Data entries
-*-*-

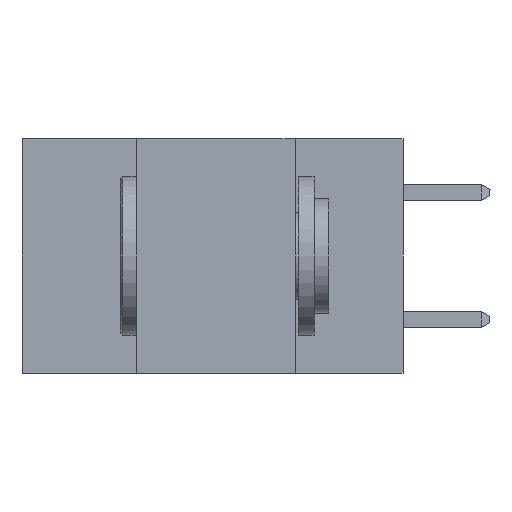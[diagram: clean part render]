
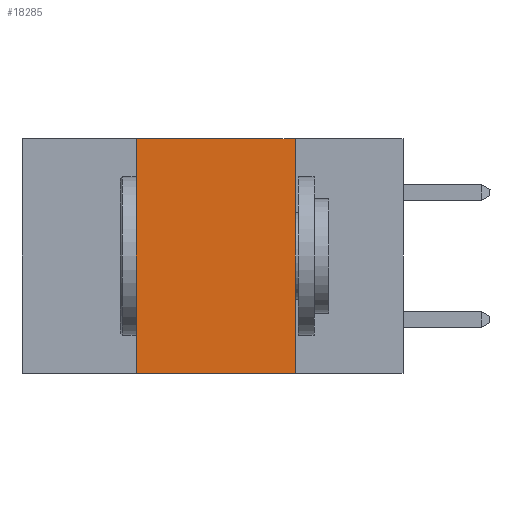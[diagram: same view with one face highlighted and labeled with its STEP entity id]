
A CAD part, left-side view. The second image highlights one B-rep face of the part: STEP entity #18285.
In plain terms, the highlighted planar face has unit normal (-1, 0, 0).
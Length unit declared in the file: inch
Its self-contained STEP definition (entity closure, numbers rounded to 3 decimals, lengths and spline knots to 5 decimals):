
#641 = CARTESIAN_POINT ( 'NONE',  ( 0., 0.42, 0. ) ) ;
#871 = FACE_OUTER_BOUND ( 'NONE', #5295, .T. ) ;
#959 = DIRECTION ( 'NONE',  ( 0., 0., -1. ) ) ;
#1378 = VECTOR ( 'NONE', #6885, 39.37008 ) ;
#1624 = CARTESIAN_POINT ( 'NONE',  ( 0., 0.42, -0.37 ) ) ;
#2454 = CARTESIAN_POINT ( 'NONE',  ( 0., 0.17, 0. ) ) ;
#4707 = CARTESIAN_POINT ( 'NONE',  ( 0., 0.6, 0. ) ) ;
#5243 = LINE ( 'NONE', #20118, #1378 ) ;
#5295 = EDGE_LOOP ( 'NONE', ( #18676, #24641, #7087, #12716 ) ) ;
#5388 = LINE ( 'NONE', #15050, #14601 ) ;
#5509 = DIRECTION ( 'NONE',  ( 0., -1., 0. ) ) ;
#5544 = DIRECTION ( 'NONE',  ( 0., 0., -1. ) ) ;
#6885 = DIRECTION ( 'NONE',  ( 0., 0., 1. ) ) ;
#7087 = ORIENTED_EDGE ( 'NONE', *, *, #20413, .F. ) ;
#7444 = VERTEX_POINT ( 'NONE', #2454 ) ;
#9473 = VERTEX_POINT ( 'NONE', #641 ) ;
#11498 = VERTEX_POINT ( 'NONE', #1624 ) ;
#11550 = EDGE_CURVE ( 'NONE', #9473, #7444, #21443, .T. ) ;
#12716 = ORIENTED_EDGE ( 'NONE', *, *, #15975, .T. ) ;
#13122 = CARTESIAN_POINT ( 'NONE',  ( 0., 0.6, 0. ) ) ;
#14067 = VERTEX_POINT ( 'NONE', #24402 ) ;
#14601 = VECTOR ( 'NONE', #5544, 39.37008 ) ;
#15050 = CARTESIAN_POINT ( 'NONE',  ( 0., 0.17, 0. ) ) ;
#15975 = EDGE_CURVE ( 'NONE', #11498, #14067, #16440, .T. ) ;
#16171 = PLANE ( 'NONE',  #21674 ) ;
#16440 = LINE ( 'NONE', #24109, #19461 ) ;
#18196 = VECTOR ( 'NONE', #5509, 39.37008 ) ;
#18285 = ADVANCED_FACE ( 'NONE', ( #871 ), #16171, .F. ) ;
#18676 = ORIENTED_EDGE ( 'NONE', *, *, #22627, .F. ) ;
#19461 = VECTOR ( 'NONE', #20447, 39.37008 ) ;
#20118 = CARTESIAN_POINT ( 'NONE',  ( 0., 0.42, 0. ) ) ;
#20413 = EDGE_CURVE ( 'NONE', #11498, #9473, #5243, .T. ) ;
#20447 = DIRECTION ( 'NONE',  ( 0., -1., 0. ) ) ;
#21443 = LINE ( 'NONE', #13122, #18196 ) ;
#21674 = AXIS2_PLACEMENT_3D ( 'NONE', #4707, #21854, #959 ) ;
#21854 = DIRECTION ( 'NONE',  ( 1., 0., 0. ) ) ;
#22627 = EDGE_CURVE ( 'NONE', #7444, #14067, #5388, .T. ) ;
#24109 = CARTESIAN_POINT ( 'NONE',  ( 0., 0.6, -0.37 ) ) ;
#24402 = CARTESIAN_POINT ( 'NONE',  ( 0., 0.17, -0.37 ) ) ;
#24641 = ORIENTED_EDGE ( 'NONE', *, *, #11550, .F. ) ;

-*-*-

What to do:
Restate the data above word for word, so that the only difference is the missing pictures.

Output for this task:
[diagram: clean part render]
[diagram: same view with one face highlighted and labeled with its STEP entity id]
A CAD part, left-side view. The second image highlights one B-rep face of the part: STEP entity #18285.
In plain terms, the highlighted planar face has unit normal (-1, 0, 0).
Length unit declared in the file: inch
Its self-contained STEP definition (entity closure, numbers rounded to 3 decimals, lengths and spline knots to 5 decimals):
#641 = CARTESIAN_POINT ( 'NONE',  ( 0., 0.42, 0. ) ) ;
#871 = FACE_OUTER_BOUND ( 'NONE', #5295, .T. ) ;
#959 = DIRECTION ( 'NONE',  ( 0., 0., -1. ) ) ;
#1378 = VECTOR ( 'NONE', #6885, 39.37008 ) ;
#1624 = CARTESIAN_POINT ( 'NONE',  ( 0., 0.42, -0.37 ) ) ;
#2454 = CARTESIAN_POINT ( 'NONE',  ( 0., 0.17, 0. ) ) ;
#4707 = CARTESIAN_POINT ( 'NONE',  ( 0., 0.6, 0. ) ) ;
#5243 = LINE ( 'NONE', #20118, #1378 ) ;
#5295 = EDGE_LOOP ( 'NONE', ( #18676, #24641, #7087, #12716 ) ) ;
#5388 = LINE ( 'NONE', #15050, #14601 ) ;
#5509 = DIRECTION ( 'NONE',  ( 0., -1., 0. ) ) ;
#5544 = DIRECTION ( 'NONE',  ( 0., 0., -1. ) ) ;
#6885 = DIRECTION ( 'NONE',  ( 0., 0., 1. ) ) ;
#7087 = ORIENTED_EDGE ( 'NONE', *, *, #20413, .F. ) ;
#7444 = VERTEX_POINT ( 'NONE', #2454 ) ;
#9473 = VERTEX_POINT ( 'NONE', #641 ) ;
#11498 = VERTEX_POINT ( 'NONE', #1624 ) ;
#11550 = EDGE_CURVE ( 'NONE', #9473, #7444, #21443, .T. ) ;
#12716 = ORIENTED_EDGE ( 'NONE', *, *, #15975, .T. ) ;
#13122 = CARTESIAN_POINT ( 'NONE',  ( 0., 0.6, 0. ) ) ;
#14067 = VERTEX_POINT ( 'NONE', #24402 ) ;
#14601 = VECTOR ( 'NONE', #5544, 39.37008 ) ;
#15050 = CARTESIAN_POINT ( 'NONE',  ( 0., 0.17, 0. ) ) ;
#15975 = EDGE_CURVE ( 'NONE', #11498, #14067, #16440, .T. ) ;
#16171 = PLANE ( 'NONE',  #21674 ) ;
#16440 = LINE ( 'NONE', #24109, #19461 ) ;
#18196 = VECTOR ( 'NONE', #5509, 39.37008 ) ;
#18285 = ADVANCED_FACE ( 'NONE', ( #871 ), #16171, .F. ) ;
#18676 = ORIENTED_EDGE ( 'NONE', *, *, #22627, .F. ) ;
#19461 = VECTOR ( 'NONE', #20447, 39.37008 ) ;
#20118 = CARTESIAN_POINT ( 'NONE',  ( 0., 0.42, 0. ) ) ;
#20413 = EDGE_CURVE ( 'NONE', #11498, #9473, #5243, .T. ) ;
#20447 = DIRECTION ( 'NONE',  ( 0., -1., 0. ) ) ;
#21443 = LINE ( 'NONE', #13122, #18196 ) ;
#21674 = AXIS2_PLACEMENT_3D ( 'NONE', #4707, #21854, #959 ) ;
#21854 = DIRECTION ( 'NONE',  ( 1., 0., 0. ) ) ;
#22627 = EDGE_CURVE ( 'NONE', #7444, #14067, #5388, .T. ) ;
#24109 = CARTESIAN_POINT ( 'NONE',  ( 0., 0.6, -0.37 ) ) ;
#24402 = CARTESIAN_POINT ( 'NONE',  ( 0., 0.17, -0.37 ) ) ;
#24641 = ORIENTED_EDGE ( 'NONE', *, *, #11550, .F. ) ;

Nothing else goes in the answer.